EXERCISE DESCRIPTION: Leaving all pictures aside, copy exactly the lines from the start of the listing below through the line that contains "#10=(LENGTH_UNIT() NAMED_UNIT(*) SI_UNIT(.MILLI.,.METRE.));", and only those lines.
*** Block opens ***
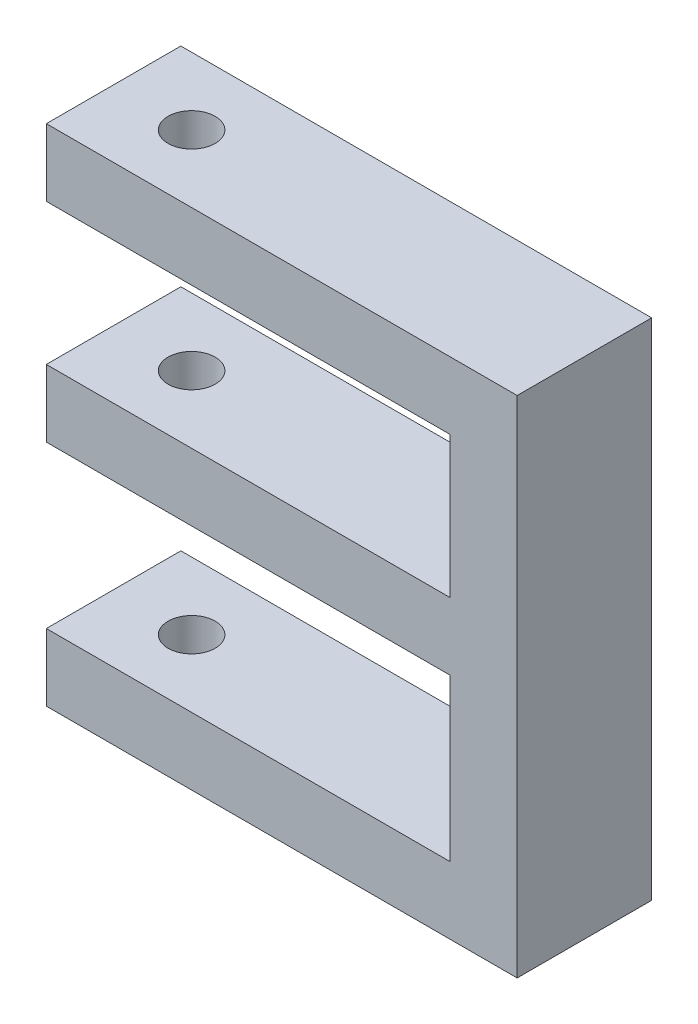
ISO-10303-21;
HEADER;
FILE_DESCRIPTION(('STEP AP214'),'2;1');
FILE_NAME('part.step','',(''),(''),'','','');
FILE_SCHEMA(('AUTOMOTIVE_DESIGN { 1 0 10303 214 1 1 1 1 }'));
ENDSEC;
DATA;
#1=APPLICATION_CONTEXT('core data for automotive mechanical design processes');
#2=APPLICATION_PROTOCOL_DEFINITION('international standard','automotive_design',2000,#1);
#3=PRODUCT_CONTEXT('',#1,'mechanical');
#4=PRODUCT('Part','Part','',(#3));
#5=PRODUCT_RELATED_PRODUCT_CATEGORY('part','',(#4));
#6=PRODUCT_DEFINITION_FORMATION('','',#4);
#7=PRODUCT_DEFINITION_CONTEXT('part definition',#1,'design');
#8=PRODUCT_DEFINITION('design','',#6,#7);
#9=PRODUCT_DEFINITION_SHAPE('','',#8);
#10=(LENGTH_UNIT() NAMED_UNIT(*) SI_UNIT(.MILLI.,.METRE.));
#11=(NAMED_UNIT(*) PLANE_ANGLE_UNIT() SI_UNIT($,.RADIAN.));
#12=(NAMED_UNIT(*) SI_UNIT($,.STERADIAN.) SOLID_ANGLE_UNIT());
#13=UNCERTAINTY_MEASURE_WITH_UNIT(LENGTH_MEASURE(1.E-05),#10,'distance_accuracy_value','');
#14=(GEOMETRIC_REPRESENTATION_CONTEXT(3) GLOBAL_UNCERTAINTY_ASSIGNED_CONTEXT((#13)) GLOBAL_UNIT_ASSIGNED_CONTEXT((#10,
#11,#12)) REPRESENTATION_CONTEXT('',''));
#15=CARTESIAN_POINT('',(0.,0.,0.));
#16=DIRECTION('',(0.,0.,1.));
#17=DIRECTION('',(1.,0.,0.));
#18=AXIS2_PLACEMENT_3D('',#15,#16,#17);
#19=CARTESIAN_POINT('',(30.,-32.5,10.));
#20=DIRECTION('',(1.,0.,0.));
#21=DIRECTION('',(0.,0.,-1.));
#22=AXIS2_PLACEMENT_3D('',#19,#20,#21);
#23=PLANE('',#22);
#24=DIRECTION('',(0.,0.,-1.));
#25=VECTOR('',#24,1.);
#26=CARTESIAN_POINT('',(30.,-15.5,0.));
#27=LINE('',#26,#25);
#28=CARTESIAN_POINT('',(30.,-15.5,10.));
#29=VERTEX_POINT('',#28);
#30=CARTESIAN_POINT('',(30.,-15.5,0.));
#31=VERTEX_POINT('',#30);
#32=EDGE_CURVE('E57',#29,#31,#27,.T.);
#33=ORIENTED_EDGE('',*,*,#32,.F.);
#34=DIRECTION('',(0.,-1.,0.));
#35=VECTOR('',#34,1.);
#36=CARTESIAN_POINT('',(30.,-32.5,10.));
#37=LINE('',#36,#35);
#38=CARTESIAN_POINT('',(30.,-5.,10.));
#39=VERTEX_POINT('',#38);
#40=EDGE_CURVE('E163',#39,#29,#37,.T.);
#41=ORIENTED_EDGE('',*,*,#40,.F.);
#42=DIRECTION('',(0.,0.,-1.));
#43=VECTOR('',#42,1.);
#44=CARTESIAN_POINT('',(30.,-5.,10.));
#45=LINE('',#44,#43);
#46=CARTESIAN_POINT('',(30.,-5.,0.));
#47=VERTEX_POINT('',#46);
#48=EDGE_CURVE('E42',#39,#47,#45,.T.);
#49=ORIENTED_EDGE('',*,*,#48,.T.);
#50=DIRECTION('',(0.,-1.,0.));
#51=VECTOR('',#50,1.);
#52=CARTESIAN_POINT('',(30.,-32.5,0.));
#53=LINE('',#52,#51);
#54=EDGE_CURVE('E135',#47,#31,#53,.T.);
#55=ORIENTED_EDGE('',*,*,#54,.T.);
#56=EDGE_LOOP('',(#33,#41,#49,#55));
#57=FACE_BOUND('',#56,.T.);
#58=ADVANCED_FACE('F33',(#57),#23,.F.);
#59=DIRECTION('',(0.,0.,1.));
#60=VECTOR('',#59,1.);
#61=CARTESIAN_POINT('',(30.,-20.5,0.));
#62=LINE('',#61,#60);
#63=CARTESIAN_POINT('',(30.,-20.5,0.));
#64=VERTEX_POINT('',#63);
#65=CARTESIAN_POINT('',(30.,-20.5,10.));
#66=VERTEX_POINT('',#65);
#67=EDGE_CURVE('E139',#64,#66,#62,.T.);
#68=ORIENTED_EDGE('',*,*,#67,.F.);
#69=CARTESIAN_POINT('',(30.,-32.5,0.));
#70=VERTEX_POINT('',#69);
#71=EDGE_CURVE('E125',#64,#70,#53,.T.);
#72=ORIENTED_EDGE('',*,*,#71,.T.);
#73=DIRECTION('',(0.,0.,-1.));
#74=VECTOR('',#73,1.);
#75=CARTESIAN_POINT('',(30.,-32.5,10.));
#76=LINE('',#75,#74);
#77=CARTESIAN_POINT('',(30.,-32.5,10.));
#78=VERTEX_POINT('',#77);
#79=EDGE_CURVE('E203',#78,#70,#76,.T.);
#80=ORIENTED_EDGE('',*,*,#79,.F.);
#81=EDGE_CURVE('E49',#66,#78,#37,.T.);
#82=ORIENTED_EDGE('',*,*,#81,.F.);
#83=EDGE_LOOP('',(#68,#72,#80,#82));
#84=FACE_BOUND('',#83,.T.);
#85=ADVANCED_FACE('F140',(#84),#23,.F.);
#86=CARTESIAN_POINT('',(0.,-5.,10.));
#87=DIRECTION('',(1.,0.,0.));
#88=DIRECTION('',(0.,0.,-1.));
#89=AXIS2_PLACEMENT_3D('',#86,#87,#88);
#90=PLANE('',#89);
#91=DIRECTION('',(0.,-1.,0.));
#92=VECTOR('',#91,1.);
#93=CARTESIAN_POINT('',(0.,-5.,0.));
#94=LINE('',#93,#92);
#95=CARTESIAN_POINT('',(0.,0.,0.));
#96=VERTEX_POINT('',#95);
#97=CARTESIAN_POINT('',(0.,-5.,0.));
#98=VERTEX_POINT('',#97);
#99=EDGE_CURVE('E176',#96,#98,#94,.T.);
#100=ORIENTED_EDGE('',*,*,#99,.T.);
#101=DIRECTION('',(0.,0.,-1.));
#102=VECTOR('',#101,1.);
#103=CARTESIAN_POINT('',(0.,-5.,10.));
#104=LINE('',#103,#102);
#105=CARTESIAN_POINT('',(0.,-5.,10.));
#106=VERTEX_POINT('',#105);
#107=EDGE_CURVE('E11',#106,#98,#104,.T.);
#108=ORIENTED_EDGE('',*,*,#107,.F.);
#109=DIRECTION('',(0.,-1.,0.));
#110=VECTOR('',#109,1.);
#111=CARTESIAN_POINT('',(0.,-5.,10.));
#112=LINE('',#111,#110);
#113=CARTESIAN_POINT('',(0.,0.,10.));
#114=VERTEX_POINT('',#113);
#115=EDGE_CURVE('E157',#114,#106,#112,.T.);
#116=ORIENTED_EDGE('',*,*,#115,.F.);
#117=DIRECTION('',(0.,0.,-1.));
#118=VECTOR('',#117,1.);
#119=CARTESIAN_POINT('',(0.,0.,10.));
#120=LINE('',#119,#118);
#121=EDGE_CURVE('E175',#114,#96,#120,.T.);
#122=ORIENTED_EDGE('',*,*,#121,.T.);
#123=EDGE_LOOP('',(#100,#108,#116,#122));
#124=FACE_BOUND('',#123,.T.);
#125=ADVANCED_FACE('F35',(#124),#90,.F.);
#126=CARTESIAN_POINT('',(30.,-5.,10.));
#127=DIRECTION('',(0.,1.,0.));
#128=DIRECTION('',(-1.,0.,0.));
#129=AXIS2_PLACEMENT_3D('',#126,#127,#128);
#130=PLANE('',#129);
#131=CARTESIAN_POINT('',(5.8,-5.,5.));
#132=DIRECTION('',(0.,1.,0.));
#133=DIRECTION('',(-1.,0.,0.));
#134=AXIS2_PLACEMENT_3D('',#131,#132,#133);
#135=CIRCLE('',#134,1.75);
#136=CARTESIAN_POINT('',(4.05,-5.,5.));
#137=VERTEX_POINT('',#136);
#138=EDGE_CURVE('E143',#137,#137,#135,.F.);
#139=ORIENTED_EDGE('',*,*,#138,.F.);
#140=EDGE_LOOP('',(#139));
#141=FACE_BOUND('',#140,.T.);
#142=DIRECTION('',(1.,0.,0.));
#143=VECTOR('',#142,1.);
#144=CARTESIAN_POINT('',(30.,-5.,0.));
#145=LINE('',#144,#143);
#146=EDGE_CURVE('E136',#98,#47,#145,.T.);
#147=ORIENTED_EDGE('',*,*,#146,.T.);
#148=ORIENTED_EDGE('',*,*,#48,.F.);
#149=DIRECTION('',(1.,0.,0.));
#150=VECTOR('',#149,1.);
#151=CARTESIAN_POINT('',(30.,-5.,10.));
#152=LINE('',#151,#150);
#153=EDGE_CURVE('E160',#106,#39,#152,.T.);
#154=ORIENTED_EDGE('',*,*,#153,.F.);
#155=ORIENTED_EDGE('',*,*,#107,.T.);
#156=EDGE_LOOP('',(#147,#148,#154,#155));
#157=FACE_BOUND('',#156,.T.);
#158=ADVANCED_FACE('F263',(#141,#157),#130,.F.);
#159=CARTESIAN_POINT('',(0.,-32.5,10.));
#160=DIRECTION('',(0.,-1.,0.));
#161=DIRECTION('',(0.,0.,-1.));
#162=AXIS2_PLACEMENT_3D('',#159,#160,#161);
#163=PLANE('',#162);
#164=CARTESIAN_POINT('',(5.8,-32.5,5.));
#165=DIRECTION('',(0.,-1.,0.));
#166=DIRECTION('',(0.,0.,-1.));
#167=AXIS2_PLACEMENT_3D('',#164,#165,#166);
#168=CIRCLE('',#167,1.75);
#169=CARTESIAN_POINT('',(5.8,-32.5,3.25));
#170=VERTEX_POINT('',#169);
#171=EDGE_CURVE('E225',#170,#170,#168,.F.);
#172=ORIENTED_EDGE('',*,*,#171,.F.);
#173=EDGE_LOOP('',(#172));
#174=FACE_BOUND('',#173,.T.);
#175=DIRECTION('',(-1.,0.,0.));
#176=VECTOR('',#175,1.);
#177=CARTESIAN_POINT('',(0.,-32.5,0.));
#178=LINE('',#177,#176);
#179=CARTESIAN_POINT('',(0.,-32.5,0.));
#180=VERTEX_POINT('',#179);
#181=EDGE_CURVE('E133',#70,#180,#178,.T.);
#182=ORIENTED_EDGE('',*,*,#181,.T.);
#183=DIRECTION('',(0.,0.,-1.));
#184=VECTOR('',#183,1.);
#185=CARTESIAN_POINT('',(0.,-32.5,10.));
#186=LINE('',#185,#184);
#187=CARTESIAN_POINT('',(0.,-32.5,10.));
#188=VERTEX_POINT('',#187);
#189=EDGE_CURVE('E200',#188,#180,#186,.T.);
#190=ORIENTED_EDGE('',*,*,#189,.F.);
#191=DIRECTION('',(-1.,0.,0.));
#192=VECTOR('',#191,1.);
#193=CARTESIAN_POINT('',(0.,-32.5,10.));
#194=LINE('',#193,#192);
#195=EDGE_CURVE('E165',#78,#188,#194,.T.);
#196=ORIENTED_EDGE('',*,*,#195,.F.);
#197=ORIENTED_EDGE('',*,*,#79,.T.);
#198=EDGE_LOOP('',(#182,#190,#196,#197));
#199=FACE_BOUND('',#198,.T.);
#200=ADVANCED_FACE('F261',(#174,#199),#163,.F.);
#201=CARTESIAN_POINT('',(0.,-37.5,10.));
#202=DIRECTION('',(1.,0.,0.));
#203=DIRECTION('',(0.,0.,-1.));
#204=AXIS2_PLACEMENT_3D('',#201,#202,#203);
#205=PLANE('',#204);
#206=DIRECTION('',(0.,-1.,0.));
#207=VECTOR('',#206,1.);
#208=CARTESIAN_POINT('',(0.,-37.5,0.));
#209=LINE('',#208,#207);
#210=CARTESIAN_POINT('',(0.,-37.5,0.));
#211=VERTEX_POINT('',#210);
#212=EDGE_CURVE('E182',#180,#211,#209,.T.);
#213=ORIENTED_EDGE('',*,*,#212,.T.);
#214=DIRECTION('',(0.,0.,-1.));
#215=VECTOR('',#214,1.);
#216=CARTESIAN_POINT('',(0.,-37.5,10.));
#217=LINE('',#216,#215);
#218=CARTESIAN_POINT('',(0.,-37.5,10.));
#219=VERTEX_POINT('',#218);
#220=EDGE_CURVE('E197',#219,#211,#217,.T.);
#221=ORIENTED_EDGE('',*,*,#220,.F.);
#222=DIRECTION('',(0.,-1.,0.));
#223=VECTOR('',#222,1.);
#224=CARTESIAN_POINT('',(0.,-37.5,10.));
#225=LINE('',#224,#223);
#226=EDGE_CURVE('E167',#188,#219,#225,.T.);
#227=ORIENTED_EDGE('',*,*,#226,.F.);
#228=ORIENTED_EDGE('',*,*,#189,.T.);
#229=EDGE_LOOP('',(#213,#221,#227,#228));
#230=FACE_BOUND('',#229,.T.);
#231=ADVANCED_FACE('F270',(#230),#205,.F.);
#232=CARTESIAN_POINT('',(35.,-37.5,10.));
#233=DIRECTION('',(0.,1.,0.));
#234=DIRECTION('',(-1.,0.,0.));
#235=AXIS2_PLACEMENT_3D('',#232,#233,#234);
#236=PLANE('',#235);
#237=CARTESIAN_POINT('',(5.8,-37.5,5.));
#238=DIRECTION('',(0.,1.,0.));
#239=DIRECTION('',(-1.,0.,0.));
#240=AXIS2_PLACEMENT_3D('',#237,#238,#239);
#241=CIRCLE('',#240,1.75);
#242=CARTESIAN_POINT('',(4.05,-37.5,5.));
#243=VERTEX_POINT('',#242);
#244=EDGE_CURVE('E228',#243,#243,#241,.F.);
#245=ORIENTED_EDGE('',*,*,#244,.F.);
#246=EDGE_LOOP('',(#245));
#247=FACE_BOUND('',#246,.T.);
#248=DIRECTION('',(1.,0.,0.));
#249=VECTOR('',#248,1.);
#250=CARTESIAN_POINT('',(35.,-37.5,0.));
#251=LINE('',#250,#249);
#252=CARTESIAN_POINT('',(35.,-37.5,0.));
#253=VERTEX_POINT('',#252);
#254=EDGE_CURVE('E184',#211,#253,#251,.T.);
#255=ORIENTED_EDGE('',*,*,#254,.T.);
#256=DIRECTION('',(0.,0.,-1.));
#257=VECTOR('',#256,1.);
#258=CARTESIAN_POINT('',(35.,-37.5,10.));
#259=LINE('',#258,#257);
#260=CARTESIAN_POINT('',(35.,-37.5,10.));
#261=VERTEX_POINT('',#260);
#262=EDGE_CURVE('E194',#261,#253,#259,.T.);
#263=ORIENTED_EDGE('',*,*,#262,.F.);
#264=DIRECTION('',(1.,0.,0.));
#265=VECTOR('',#264,1.);
#266=CARTESIAN_POINT('',(35.,-37.5,10.));
#267=LINE('',#266,#265);
#268=EDGE_CURVE('E169',#219,#261,#267,.T.);
#269=ORIENTED_EDGE('',*,*,#268,.F.);
#270=ORIENTED_EDGE('',*,*,#220,.T.);
#271=EDGE_LOOP('',(#255,#263,#269,#270));
#272=FACE_BOUND('',#271,.T.);
#273=ADVANCED_FACE('F290',(#247,#272),#236,.F.);
#274=CARTESIAN_POINT('',(35.,0.,10.));
#275=DIRECTION('',(-1.,0.,0.));
#276=DIRECTION('',(0.,-1.,0.));
#277=AXIS2_PLACEMENT_3D('',#274,#275,#276);
#278=PLANE('',#277);
#279=DIRECTION('',(0.,1.,0.));
#280=VECTOR('',#279,1.);
#281=CARTESIAN_POINT('',(35.,0.,0.));
#282=LINE('',#281,#280);
#283=CARTESIAN_POINT('',(35.,0.,0.));
#284=VERTEX_POINT('',#283);
#285=EDGE_CURVE('E186',#253,#284,#282,.T.);
#286=ORIENTED_EDGE('',*,*,#285,.T.);
#287=DIRECTION('',(0.,0.,-1.));
#288=VECTOR('',#287,1.);
#289=CARTESIAN_POINT('',(35.,0.,10.));
#290=LINE('',#289,#288);
#291=CARTESIAN_POINT('',(35.,0.,10.));
#292=VERTEX_POINT('',#291);
#293=EDGE_CURVE('E191',#292,#284,#290,.T.);
#294=ORIENTED_EDGE('',*,*,#293,.F.);
#295=DIRECTION('',(0.,1.,0.));
#296=VECTOR('',#295,1.);
#297=CARTESIAN_POINT('',(35.,0.,10.));
#298=LINE('',#297,#296);
#299=EDGE_CURVE('E171',#261,#292,#298,.T.);
#300=ORIENTED_EDGE('',*,*,#299,.F.);
#301=ORIENTED_EDGE('',*,*,#262,.T.);
#302=EDGE_LOOP('',(#286,#294,#300,#301));
#303=FACE_BOUND('',#302,.T.);
#304=ADVANCED_FACE('F286',(#303),#278,.F.);
#305=CARTESIAN_POINT('',(0.,0.,10.));
#306=DIRECTION('',(0.,-1.,0.));
#307=DIRECTION('',(0.,0.,-1.));
#308=AXIS2_PLACEMENT_3D('',#305,#306,#307);
#309=PLANE('',#308);
#310=CARTESIAN_POINT('',(5.8,0.,5.));
#311=DIRECTION('',(0.,-1.,0.));
#312=DIRECTION('',(0.,0.,-1.));
#313=AXIS2_PLACEMENT_3D('',#310,#311,#312);
#314=CIRCLE('',#313,1.75);
#315=CARTESIAN_POINT('',(5.8,0.,3.25));
#316=VERTEX_POINT('',#315);
#317=EDGE_CURVE('E231',#316,#316,#314,.F.);
#318=ORIENTED_EDGE('',*,*,#317,.F.);
#319=EDGE_LOOP('',(#318));
#320=FACE_BOUND('',#319,.T.);
#321=DIRECTION('',(-1.,0.,0.));
#322=VECTOR('',#321,1.);
#323=CARTESIAN_POINT('',(0.,0.,0.));
#324=LINE('',#323,#322);
#325=EDGE_CURVE('E161',#284,#96,#324,.T.);
#326=ORIENTED_EDGE('',*,*,#325,.T.);
#327=ORIENTED_EDGE('',*,*,#121,.F.);
#328=DIRECTION('',(-1.,0.,0.));
#329=VECTOR('',#328,1.);
#330=CARTESIAN_POINT('',(0.,0.,10.));
#331=LINE('',#330,#329);
#332=EDGE_CURVE('E173',#292,#114,#331,.T.);
#333=ORIENTED_EDGE('',*,*,#332,.F.);
#334=ORIENTED_EDGE('',*,*,#293,.T.);
#335=EDGE_LOOP('',(#326,#327,#333,#334));
#336=FACE_BOUND('',#335,.T.);
#337=ADVANCED_FACE('F281',(#320,#336),#309,.F.);
#338=CARTESIAN_POINT('',(0.,0.,10.));
#339=DIRECTION('',(0.,0.,-1.));
#340=DIRECTION('',(-1.,0.,0.));
#341=AXIS2_PLACEMENT_3D('',#338,#339,#340);
#342=PLANE('',#341);
#343=ORIENTED_EDGE('',*,*,#115,.T.);
#344=ORIENTED_EDGE('',*,*,#153,.T.);
#345=ORIENTED_EDGE('',*,*,#40,.T.);
#346=DIRECTION('',(1.,0.,0.));
#347=VECTOR('',#346,1.);
#348=CARTESIAN_POINT('',(-11.1803398874989,-15.5,10.));
#349=LINE('',#348,#347);
#350=CARTESIAN_POINT('',(0.,-15.5,10.));
#351=VERTEX_POINT('',#350);
#352=EDGE_CURVE('E153',#351,#29,#349,.T.);
#353=ORIENTED_EDGE('',*,*,#352,.F.);
#354=DIRECTION('',(0.,-1.,0.));
#355=VECTOR('',#354,1.);
#356=CARTESIAN_POINT('',(0.,-15.5,10.));
#357=LINE('',#356,#355);
#358=CARTESIAN_POINT('',(0.,-20.5,10.));
#359=VERTEX_POINT('',#358);
#360=EDGE_CURVE('E151',#351,#359,#357,.T.);
#361=ORIENTED_EDGE('',*,*,#360,.T.);
#362=DIRECTION('',(1.,0.,0.));
#363=VECTOR('',#362,1.);
#364=CARTESIAN_POINT('',(-11.1803398874989,-20.5,10.));
#365=LINE('',#364,#363);
#366=EDGE_CURVE('E148',#359,#66,#365,.T.);
#367=ORIENTED_EDGE('',*,*,#366,.T.);
#368=ORIENTED_EDGE('',*,*,#81,.T.);
#369=ORIENTED_EDGE('',*,*,#195,.T.);
#370=ORIENTED_EDGE('',*,*,#226,.T.);
#371=ORIENTED_EDGE('',*,*,#268,.T.);
#372=ORIENTED_EDGE('',*,*,#299,.T.);
#373=ORIENTED_EDGE('',*,*,#332,.T.);
#374=EDGE_LOOP('',(#343,#344,#345,#353,#361,#367,#368,#369,#370,#371,#372,#373));
#375=FACE_BOUND('',#374,.T.);
#376=ADVANCED_FACE('F298',(#375),#342,.F.);
#377=CARTESIAN_POINT('',(0.,0.,0.));
#378=DIRECTION('',(0.,0.,-1.));
#379=DIRECTION('',(-1.,0.,0.));
#380=AXIS2_PLACEMENT_3D('',#377,#378,#379);
#381=PLANE('',#380);
#382=ORIENTED_EDGE('',*,*,#99,.F.);
#383=ORIENTED_EDGE('',*,*,#325,.F.);
#384=ORIENTED_EDGE('',*,*,#285,.F.);
#385=ORIENTED_EDGE('',*,*,#254,.F.);
#386=ORIENTED_EDGE('',*,*,#212,.F.);
#387=ORIENTED_EDGE('',*,*,#181,.F.);
#388=ORIENTED_EDGE('',*,*,#71,.F.);
#389=DIRECTION('',(1.,0.,0.));
#390=VECTOR('',#389,1.);
#391=CARTESIAN_POINT('',(-11.1803398874989,-20.5,0.));
#392=LINE('',#391,#390);
#393=CARTESIAN_POINT('',(0.,-20.5,0.));
#394=VERTEX_POINT('',#393);
#395=EDGE_CURVE('E130',#394,#64,#392,.T.);
#396=ORIENTED_EDGE('',*,*,#395,.F.);
#397=DIRECTION('',(0.,1.,0.));
#398=VECTOR('',#397,1.);
#399=CARTESIAN_POINT('',(0.,-15.5,0.));
#400=LINE('',#399,#398);
#401=CARTESIAN_POINT('',(0.,-15.5,0.));
#402=VERTEX_POINT('',#401);
#403=EDGE_CURVE('E179',#394,#402,#400,.T.);
#404=ORIENTED_EDGE('',*,*,#403,.T.);
#405=DIRECTION('',(1.,0.,0.));
#406=VECTOR('',#405,1.);
#407=CARTESIAN_POINT('',(-11.1803398874989,-15.5,0.));
#408=LINE('',#407,#406);
#409=EDGE_CURVE('E211',#402,#31,#408,.T.);
#410=ORIENTED_EDGE('',*,*,#409,.T.);
#411=ORIENTED_EDGE('',*,*,#54,.F.);
#412=ORIENTED_EDGE('',*,*,#146,.F.);
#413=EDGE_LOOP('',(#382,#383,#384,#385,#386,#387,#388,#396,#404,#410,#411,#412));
*** Block closes ***
ANSWER:
ISO-10303-21;
HEADER;
FILE_DESCRIPTION(('STEP AP214'),'2;1');
FILE_NAME('part.step','',(''),(''),'','','');
FILE_SCHEMA(('AUTOMOTIVE_DESIGN { 1 0 10303 214 1 1 1 1 }'));
ENDSEC;
DATA;
#1=APPLICATION_CONTEXT('core data for automotive mechanical design processes');
#2=APPLICATION_PROTOCOL_DEFINITION('international standard','automotive_design',2000,#1);
#3=PRODUCT_CONTEXT('',#1,'mechanical');
#4=PRODUCT('Part','Part','',(#3));
#5=PRODUCT_RELATED_PRODUCT_CATEGORY('part','',(#4));
#6=PRODUCT_DEFINITION_FORMATION('','',#4);
#7=PRODUCT_DEFINITION_CONTEXT('part definition',#1,'design');
#8=PRODUCT_DEFINITION('design','',#6,#7);
#9=PRODUCT_DEFINITION_SHAPE('','',#8);
#10=(LENGTH_UNIT() NAMED_UNIT(*) SI_UNIT(.MILLI.,.METRE.));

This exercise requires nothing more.